=== Supplied material ===
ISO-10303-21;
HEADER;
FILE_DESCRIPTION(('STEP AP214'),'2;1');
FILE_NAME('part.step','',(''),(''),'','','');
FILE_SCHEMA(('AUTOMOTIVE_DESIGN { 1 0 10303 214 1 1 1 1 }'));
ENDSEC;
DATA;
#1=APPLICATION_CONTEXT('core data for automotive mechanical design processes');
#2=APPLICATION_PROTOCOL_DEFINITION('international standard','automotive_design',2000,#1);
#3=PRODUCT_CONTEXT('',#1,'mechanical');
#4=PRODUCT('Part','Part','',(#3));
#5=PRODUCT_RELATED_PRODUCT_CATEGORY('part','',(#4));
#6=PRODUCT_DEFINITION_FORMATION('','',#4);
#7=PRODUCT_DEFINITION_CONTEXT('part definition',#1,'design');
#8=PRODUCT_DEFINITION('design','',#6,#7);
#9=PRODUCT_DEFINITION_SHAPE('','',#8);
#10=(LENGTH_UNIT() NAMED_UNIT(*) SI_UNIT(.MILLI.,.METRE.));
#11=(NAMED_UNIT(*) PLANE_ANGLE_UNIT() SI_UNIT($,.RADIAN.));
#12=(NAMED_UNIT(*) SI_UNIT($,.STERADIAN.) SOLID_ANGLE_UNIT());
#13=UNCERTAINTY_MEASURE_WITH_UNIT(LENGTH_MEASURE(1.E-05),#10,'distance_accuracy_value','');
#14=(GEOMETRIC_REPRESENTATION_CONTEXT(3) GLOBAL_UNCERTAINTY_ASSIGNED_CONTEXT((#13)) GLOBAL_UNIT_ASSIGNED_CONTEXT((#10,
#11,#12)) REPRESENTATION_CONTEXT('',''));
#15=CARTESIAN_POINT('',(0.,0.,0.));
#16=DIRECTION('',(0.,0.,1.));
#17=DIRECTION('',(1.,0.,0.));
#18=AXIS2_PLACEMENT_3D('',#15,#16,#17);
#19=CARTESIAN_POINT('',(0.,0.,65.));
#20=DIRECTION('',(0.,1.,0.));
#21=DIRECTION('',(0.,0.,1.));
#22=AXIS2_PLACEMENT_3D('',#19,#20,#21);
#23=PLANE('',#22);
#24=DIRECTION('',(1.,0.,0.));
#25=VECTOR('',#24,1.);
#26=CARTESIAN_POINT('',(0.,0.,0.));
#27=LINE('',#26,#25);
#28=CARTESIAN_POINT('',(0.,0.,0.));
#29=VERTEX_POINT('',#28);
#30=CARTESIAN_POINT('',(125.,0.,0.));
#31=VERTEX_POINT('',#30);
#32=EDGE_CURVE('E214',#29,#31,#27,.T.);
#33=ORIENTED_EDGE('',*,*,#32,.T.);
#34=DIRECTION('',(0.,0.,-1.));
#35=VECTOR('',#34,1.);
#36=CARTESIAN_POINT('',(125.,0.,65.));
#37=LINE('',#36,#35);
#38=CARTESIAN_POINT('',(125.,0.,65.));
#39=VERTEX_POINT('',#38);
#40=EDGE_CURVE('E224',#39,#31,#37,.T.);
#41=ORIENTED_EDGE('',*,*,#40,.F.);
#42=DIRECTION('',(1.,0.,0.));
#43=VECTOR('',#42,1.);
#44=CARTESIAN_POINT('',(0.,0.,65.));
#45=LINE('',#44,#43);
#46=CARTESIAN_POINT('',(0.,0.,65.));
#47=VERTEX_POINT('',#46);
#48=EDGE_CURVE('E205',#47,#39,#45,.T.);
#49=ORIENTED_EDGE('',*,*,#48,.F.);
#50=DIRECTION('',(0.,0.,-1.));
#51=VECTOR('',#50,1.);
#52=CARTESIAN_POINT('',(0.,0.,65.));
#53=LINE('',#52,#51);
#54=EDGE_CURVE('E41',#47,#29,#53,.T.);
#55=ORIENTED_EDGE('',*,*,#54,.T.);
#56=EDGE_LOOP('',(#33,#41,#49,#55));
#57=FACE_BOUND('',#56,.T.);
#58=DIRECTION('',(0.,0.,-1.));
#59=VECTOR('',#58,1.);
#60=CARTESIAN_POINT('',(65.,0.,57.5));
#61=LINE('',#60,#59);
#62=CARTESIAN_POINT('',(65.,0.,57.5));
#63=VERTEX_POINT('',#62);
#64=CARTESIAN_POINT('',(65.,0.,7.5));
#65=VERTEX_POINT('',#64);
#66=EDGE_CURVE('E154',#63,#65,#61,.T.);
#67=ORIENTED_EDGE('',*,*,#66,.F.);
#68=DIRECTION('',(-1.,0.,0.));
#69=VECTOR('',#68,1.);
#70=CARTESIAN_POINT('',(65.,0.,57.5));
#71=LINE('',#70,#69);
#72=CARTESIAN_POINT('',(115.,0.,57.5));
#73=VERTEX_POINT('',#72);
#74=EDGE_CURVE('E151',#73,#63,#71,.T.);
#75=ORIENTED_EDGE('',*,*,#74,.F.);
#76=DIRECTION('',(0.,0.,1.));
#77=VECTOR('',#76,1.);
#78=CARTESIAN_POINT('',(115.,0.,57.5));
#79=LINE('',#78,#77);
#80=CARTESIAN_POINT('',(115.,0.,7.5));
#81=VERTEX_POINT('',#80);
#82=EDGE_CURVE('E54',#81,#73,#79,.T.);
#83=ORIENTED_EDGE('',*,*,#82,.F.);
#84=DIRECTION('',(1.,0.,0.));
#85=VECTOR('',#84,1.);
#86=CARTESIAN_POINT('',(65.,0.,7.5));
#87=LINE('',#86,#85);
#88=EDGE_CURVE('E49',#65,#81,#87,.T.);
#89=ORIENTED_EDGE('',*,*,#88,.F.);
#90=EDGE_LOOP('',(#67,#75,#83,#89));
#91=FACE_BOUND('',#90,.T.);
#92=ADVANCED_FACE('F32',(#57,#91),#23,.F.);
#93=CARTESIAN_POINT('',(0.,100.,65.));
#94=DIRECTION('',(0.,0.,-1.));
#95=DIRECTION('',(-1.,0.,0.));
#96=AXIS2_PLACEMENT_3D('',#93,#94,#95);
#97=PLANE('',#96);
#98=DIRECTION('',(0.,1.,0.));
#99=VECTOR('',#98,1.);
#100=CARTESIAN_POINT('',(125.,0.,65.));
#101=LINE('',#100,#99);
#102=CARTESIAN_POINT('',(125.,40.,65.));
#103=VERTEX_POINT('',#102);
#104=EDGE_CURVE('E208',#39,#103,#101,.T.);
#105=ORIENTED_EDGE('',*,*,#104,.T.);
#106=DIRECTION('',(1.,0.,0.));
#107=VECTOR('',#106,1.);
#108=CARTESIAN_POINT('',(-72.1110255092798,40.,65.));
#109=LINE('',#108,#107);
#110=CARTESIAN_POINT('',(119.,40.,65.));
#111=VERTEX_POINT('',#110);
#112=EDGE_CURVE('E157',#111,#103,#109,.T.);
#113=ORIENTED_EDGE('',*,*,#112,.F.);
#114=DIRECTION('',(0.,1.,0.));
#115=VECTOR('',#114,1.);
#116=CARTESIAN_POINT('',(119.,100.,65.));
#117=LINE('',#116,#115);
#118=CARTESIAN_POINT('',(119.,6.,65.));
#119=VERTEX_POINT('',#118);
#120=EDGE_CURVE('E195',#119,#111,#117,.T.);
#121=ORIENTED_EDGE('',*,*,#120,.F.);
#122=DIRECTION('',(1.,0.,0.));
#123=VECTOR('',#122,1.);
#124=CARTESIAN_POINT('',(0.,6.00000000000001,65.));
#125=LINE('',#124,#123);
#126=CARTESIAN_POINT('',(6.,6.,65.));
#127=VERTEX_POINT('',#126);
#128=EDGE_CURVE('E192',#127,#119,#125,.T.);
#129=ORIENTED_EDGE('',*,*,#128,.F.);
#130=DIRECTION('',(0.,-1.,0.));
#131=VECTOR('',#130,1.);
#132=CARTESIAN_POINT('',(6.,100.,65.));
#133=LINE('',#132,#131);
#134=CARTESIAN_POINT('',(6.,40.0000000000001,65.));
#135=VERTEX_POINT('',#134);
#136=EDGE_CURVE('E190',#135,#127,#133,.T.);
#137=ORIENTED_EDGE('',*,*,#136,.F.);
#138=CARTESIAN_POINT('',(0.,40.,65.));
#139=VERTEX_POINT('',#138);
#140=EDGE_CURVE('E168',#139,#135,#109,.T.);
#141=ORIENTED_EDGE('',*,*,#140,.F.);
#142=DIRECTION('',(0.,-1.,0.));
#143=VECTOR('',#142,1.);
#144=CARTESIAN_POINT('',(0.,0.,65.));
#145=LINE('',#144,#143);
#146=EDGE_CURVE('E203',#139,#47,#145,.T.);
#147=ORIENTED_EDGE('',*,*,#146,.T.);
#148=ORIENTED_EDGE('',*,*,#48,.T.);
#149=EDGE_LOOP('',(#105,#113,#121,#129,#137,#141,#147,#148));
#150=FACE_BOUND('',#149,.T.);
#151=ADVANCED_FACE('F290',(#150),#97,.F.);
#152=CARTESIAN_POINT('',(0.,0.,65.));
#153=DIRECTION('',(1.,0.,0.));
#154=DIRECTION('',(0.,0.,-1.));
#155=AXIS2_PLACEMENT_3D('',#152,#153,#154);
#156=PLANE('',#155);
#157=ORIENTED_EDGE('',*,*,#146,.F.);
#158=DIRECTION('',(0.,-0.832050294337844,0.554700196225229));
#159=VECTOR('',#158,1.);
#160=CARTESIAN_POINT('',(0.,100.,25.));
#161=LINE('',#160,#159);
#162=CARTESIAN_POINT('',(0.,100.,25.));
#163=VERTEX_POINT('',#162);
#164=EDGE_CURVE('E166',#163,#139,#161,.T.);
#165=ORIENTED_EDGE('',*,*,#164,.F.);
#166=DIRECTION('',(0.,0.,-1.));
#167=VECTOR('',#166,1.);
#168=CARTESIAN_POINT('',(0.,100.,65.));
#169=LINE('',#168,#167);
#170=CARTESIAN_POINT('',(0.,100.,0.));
===
### Goal of the exercise
Given the word "mechanical", show every line of the records that contains it.

### Task result
#1=APPLICATION_CONTEXT('core data for automotive mechanical design processes');
#3=PRODUCT_CONTEXT('',#1,'mechanical');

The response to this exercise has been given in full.